Douglas Adams was right–knowledge without understanding is meaningless - pseudolus
https://www.theguardian.com/commentisfree/2019/aug/24/douglas-adams-was-right-knowledge-without-understanding-is-meaningless
======
jdietrich
Counterpoint: The mechanism of action of a large proportion of very important
drugs is a stone-cold mystery. If you have major surgery, you'll probably be
anaesthetised with a drug that induces unconsciousness for _no known reason_.
We know that the drug will render you unconscious, we know that the
overwhelming majority of patients will remain unconscious for the duration of
the procedure, we know that the overwhelming majority of patients will regain
consciousness with no ill effects after the procedure, but we only have vague
educated guesses as to why.

We don't know why acetaminophen relieves pain, we don't know why lithium
stabilises mood in people with bipolar, we don't know how antidepressants
actually relieve depression. Would we like to know how these drugs work?

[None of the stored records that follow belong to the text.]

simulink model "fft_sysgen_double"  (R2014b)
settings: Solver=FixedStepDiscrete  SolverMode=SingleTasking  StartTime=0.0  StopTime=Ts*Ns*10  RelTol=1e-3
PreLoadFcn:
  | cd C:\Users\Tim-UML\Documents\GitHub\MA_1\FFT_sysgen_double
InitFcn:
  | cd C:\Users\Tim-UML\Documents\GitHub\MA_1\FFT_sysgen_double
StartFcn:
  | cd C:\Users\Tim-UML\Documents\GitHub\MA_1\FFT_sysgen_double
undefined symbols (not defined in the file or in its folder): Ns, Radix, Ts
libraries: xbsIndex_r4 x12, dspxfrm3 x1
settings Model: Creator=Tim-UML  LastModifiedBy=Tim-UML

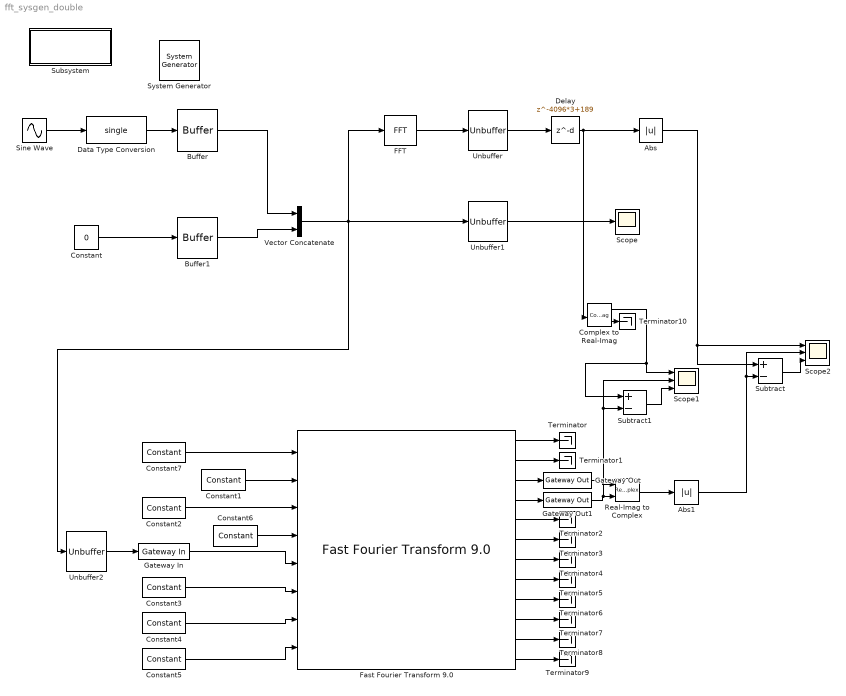
== system fft_sysgen_double ==
  " System Generator" : xbsIndex_r4/ System Generator  Tag=genX  xilinxfamily=zynq  part=xc7z020  speed=-1  package=clg400  synthesis_tool=Vivado  clock_wrapper=Clock Enables  directory=./netlist  proj_type=Vivado  Synth_file=Vivado Synthesis Defaults  Impl_file=Vivado Implementation Defaults  testbench=on  simulink_period=Ts/2  sysclk_period=10  dcm_input_clock_period=10  incr_netlist=off  trim_vbits=Everywhere in SubSystem  dbl_ovrd=According to Block Masks  core_generation=According to Block Masks  run_coregen=off  deprecated_control=off  eval_field=0  block_type=sysgen
  Abs : Abs
  Abs1 : Abs
  Buffer : Buffer  N=Ns  TreatMby1Signals=One channel
  Buffer1 : Buffer  N=Ns  TreatMby1Signals=One channel
  Complex to Real-Imag : ComplexToRealImag
  Constant : Constant  Value=0  OutDataTypeStr=single  SampleTime=Ts
  Constant1 : xbsIndex_r4/Constant  const=1  gui_display_data_type=Fixed-point  arith_type=Unsigned  n_bits=1  bin_pt=0  preci_type=Single  exp_width=8  frac_width=24  explicit_period=off  period=1  equ=P=C  opselect=C  inp2=PCIN>>17  opr=+  inp1=P  carry=CIN  dbl_ovrd=off  block_type=constant
  Constant2 : xbsIndex_r4/Constant  const=1  gui_display_data_type=Boolean  arith_type=Boolean  n_bits=16  bin_pt=14  preci_type=Single  exp_width=8  frac_width=24  explicit_period=off  period=1  equ=P=C  opselect=C  inp2=PCIN>>17  opr=+  inp1=P  carry=CIN  dbl_ovrd=off  block_type=constant
  Constant3 : xbsIndex_r4/Constant  const=1  gui_display_data_type=Boolean  arith_type=Boolean  n_bits=16  bin_pt=14  preci_type=Single  exp_width=8  frac_width=24  explicit_period=off  period=1  equ=P=C  opselect=C  inp2=PCIN>>17  opr=+  inp1=P  carry=CIN  dbl_ovrd=off  block_type=constant
  Constant4 : xbsIndex_r4/Constant  const=0  gui_display_data_type=Boolean  arith_type=Boolean  n_bits=16  bin_pt=14  preci_type=Single  exp_width=8  frac_width=24  explicit_period=off  period=1  equ=P=C  opselect=C  inp2=PCIN>>17  opr=+  inp1=P  carry=CIN  dbl_ovrd=off  block_type=constant
  Constant5 : xbsIndex_r4/Constant  const=1  gui_display_data_type=Boolean  arith_type=Boolean  n_bits=16  bin_pt=14  preci_type=Single  exp_width=8  frac_width=24  explicit_period=off  period=1  equ=P=C  opselect=C  inp2=PCIN>>17  opr=+  inp1=P  carry=CIN  dbl_ovrd=off  block_type=constant
  Constant6 : xbsIndex_r4/Constant  const=0  gui_display_data_type=Floating-point  arith_type=Floating-point  n_bits=16  bin_pt=14  preci_type=Single  exp_width=8  frac_width=24  explicit_period=off  period=1  equ=P=C  opselect=C  inp2=PCIN>>17  opr=+  inp1=P  carry=CIN  dbl_ovrd=off  block_type=constant
  Constant7 : xbsIndex_r4/Constant  const=0  gui_display_data_type=Fixed-point  arith_type=Unsigned  n_bits=12  bin_pt=0  preci_type=Single  exp_width=8  frac_width=24  explicit_period=off  period=1  equ=P=C  opselect=C  inp2=PCIN>>17  opr=+  inp1=P  carry=CIN  dbl_ovrd=off  block_type=constant
  Data Type Conversion : DataTypeConversion  OutDataTypeStr=single
  Delay : Delay  DelayLength=4096*3+189  InitialCondition=0
  FFT : dspxfrm3/FFT  CompMethod=Table lookup  TableOpt=NEW  TableOptActive=Speed  BitRevOrder=off  InheritFFTLength=on  FFTLength=64  WrapInput=on  RowConvenienceOn=on  FFTImplementation=Radix-2  SkipNorm=off  firstCoeffDataTypeStr=Inherit: Same word length as input  firstCoeffLastDataTypeStr=Inherit: Same word length as input  outputMin=[]  outputMax=[]  roundingMode=Floor  overflowMode=off
  "Fast Fourier Transform 9.0 " : xbsIndex_r4/Fast Fourier Transform 9.0   transform_length=4096  target_clock_frequency=250  target_data_throughput=50  implementation_options=pipelined_streaming_io  run_time_configurable_transform_length=off  phase_factor_width=25  scaling_options=scaled  rounding_modes=convergent_rounding  aclken=off  aresetn=off  cyclic_prefix_insertion=off  output_ordering=natural_order  throttle_scheme=nonrealtime  xk_index=off  ovflo=off  trim_axipin_name=on  memory_options_data=block_ram  memory_options_phase_factors=block_ram  number_of_stages_using_block_ram_for_data_and_phase_factors=3  memory_options_reorder=block_ram  memory_options_hybrid=off  complex_mult_type=use_mults_resources  butterfly_type=use_luts  channels=1  input_ordering=natural_order  input_width=16  ip_name=Fast Fourier Transform  ip_version=9.0  dsptool_ready=true  ipcore_usecache=true  ipcore_useipmodelcache=true  wrapper_available=true  port_translation_map={ 'aclken' => 'en', 'aresetn' => 'rst'}  data_format=fixed_point  block_type=xfft_v9_0
  Gateway In : xbsIndex_r4/Gateway In  gui_display_data_type=Floating-point  arith_type=Floating-point  n_bits=16  bin_pt=14  preci_type=Single  exp_width=8  frac_width=24  rows=1  columns=1  quantization="Round  (unbiased: +/- Inf)"  overflow=Saturate  period=Ts/2  UseAsADC=off  ADCChannel='1'  interface=None  automatic_assignment=on  address_offset=hex2dec('00')  intf_description=''  timing_constraint=None  locs_specified=off  LOCs={}  io_standard={}  inherit_from_input=off  hdl_port=on  dbl_ovrd=off  block_type=gatewayin
  Gateway Out : xbsIndex_r4/Gateway Out  inherit_from_input=on  hdl_port=on  rows=1  columns=1  UseAsDAC=off  DACChannel='1'  interface=None  automatic_assignment=on  address_offset=hex2dec('00')  intf_description=''  timing_constraint=None  locs_specified=off  LOCs={}  io_standard={}  block_type=gatewayout
  Gateway Out1 : xbsIndex_r4/Gateway Out  inherit_from_input=on  hdl_port=on  rows=1  columns=1  UseAsDAC=off  DACChannel='1'  interface=None  automatic_assignment=on  address_offset=hex2dec('00')  intf_description=''  timing_constraint=None  locs_specified=off  LOCs={}  io_standard={}  block_type=gatewayout
  Real-Imag to Complex : RealImagToComplex
  Scope : Scope
      settings: MaxDataPoints=15000
  Scope1 : Scope  NumInputPorts=3
      settings: YMin=-5~-5~-5  YMax=5~5~5
  Scope2 : Scope  NumInputPorts=3
      settings: YMin=-5~-5~-5  YMax=5~5~5  SaveName=ScopeData2
  Sine Wave : Sin  SineType=Sample based  SampleTime=Ts
  Subsystem : Subsystem  mask(Model Parameters){SampleTime=20e-9, SampleCount=2048}
      mask prompts: SampleTime "Sample Time [s]"; SampleCount "Sample Count"
      mask init:
      | initScript_fft_sysgen_double
      mask Display: disp('Edit Model\n Parameters')
  Subtract : Sum  Inputs=+-
  Subtract1 : Sum  Inputs=+-
  Terminator{,1..10} (11 alike) : Terminator
  Unbuffer : Unbuffer  SampleBasedProcessing=Same as frame based
  Unbuffer1 : Unbuffer  SampleBasedProcessing=Same as frame based
  Unbuffer2 : Unbuffer  SampleBasedProcessing=Same as frame based
  Vector Concatenate : Concatenate  Mode=Multidimensional array
  wires:
  Sine Wave/1 -> Data Type Conversion/1
  Buffer/1 -> Vector Concatenate/1
  FFT/1 -> Unbuffer/1
  Constant/1 -> Buffer1/1
  Buffer1/1 -> Vector Concatenate/2
  Vector Concatenate/1 -> Unbuffer2/1, FFT/1, Unbuffer1/1
  Unbuffer1/1 -> Scope/1
  Unbuffer/1 -> Delay/1
  Constant1/1 -> "Fast Fourier Transform 9.0 "/2
  Constant2/1 -> "Fast Fourier Transform 9.0 "/3
  Constant3/1 -> "Fast Fourier Transform 9.0 "/6
  Constant4/1 -> "Fast Fourier Transform 9.0 "/7
  Constant5/1 -> "Fast Fourier Transform 9.0 "/8
  Gateway In/1 -> "Fast Fourier Transform 9.0 "/5
  Constant6/1 -> "Fast Fourier Transform 9.0 "/4
  Unbuffer2/1 -> Gateway In/1
  "Fast Fourier Transform 9.0 "/1 -> Terminator/1
  "Fast Fourier Transform 9.0 "/2 -> Terminator1/1
  "Fast Fourier Transform 9.0 "/5 -> Terminator2/1
  "Fast Fourier Transform 9.0 "/6 -> Terminator3/1
  "Fast Fourier Transform 9.0 "/7 -> Terminator4/1
  "Fast Fourier Transform 9.0 "/8 -> Terminator5/1
  "Fast Fourier Transform 9.0 "/9 -> Terminator6/1
  "Fast Fourier Transform 9.0 "/10 -> Terminator7/1
  "Fast Fourier Transform 9.0 "/11 -> Terminator8/1
  "Fast Fourier Transform 9.0 "/12 -> Terminator9/1
  "Fast Fourier Transform 9.0 "/3 -> Gateway Out/1
  "Fast Fourier Transform 9.0 "/4 -> Gateway Out1/1
  Gateway Out/1 -> Real-Imag to Complex/1
  Real-Imag to Complex/1 -> Abs1/1
  Abs1/1 -> Subtract/2, Scope2/2
  Subtract/1 -> Scope2/3
  Constant7/1 -> "Fast Fourier Transform 9.0 "/1
  Data Type Conversion/1 -> Buffer/1
  Abs/1 -> Subtract/1, Scope2/1
  Gateway Out1/1 -> Scope1/2, Subtract1/2, Real-Imag to Complex/2
  Subtract1/1 -> Scope1/3
  Complex to Real-Imag/1 -> Scope1/1, Subtract1/1
  Complex to Real-Imag/2 -> Terminator10/1
  Delay/1 -> Complex to Real-Imag/1, Abs/1

== system fft_sysgen_double/Subsystem ==

Certainly, as it might help us to develop better drugs. Do we _need_ to know
how these drugs work? Absolutely not - given a choice between a mystery drug
and having surgery without anaesthesia, I'm choosing the mystery drug every
time.

Human beings are black-box algorithms; we can concoct plausible explanations
for our behaviour, but there is abundant evidence that we don't actually know
our own minds. I think our discomfort with black-box algorithms is essentially
a reflection of our discomfort at the unknowability of the human mind. These
algorithms work, but we don't really know what's happening on the inside, just
like _literally everyone you 've ever met_.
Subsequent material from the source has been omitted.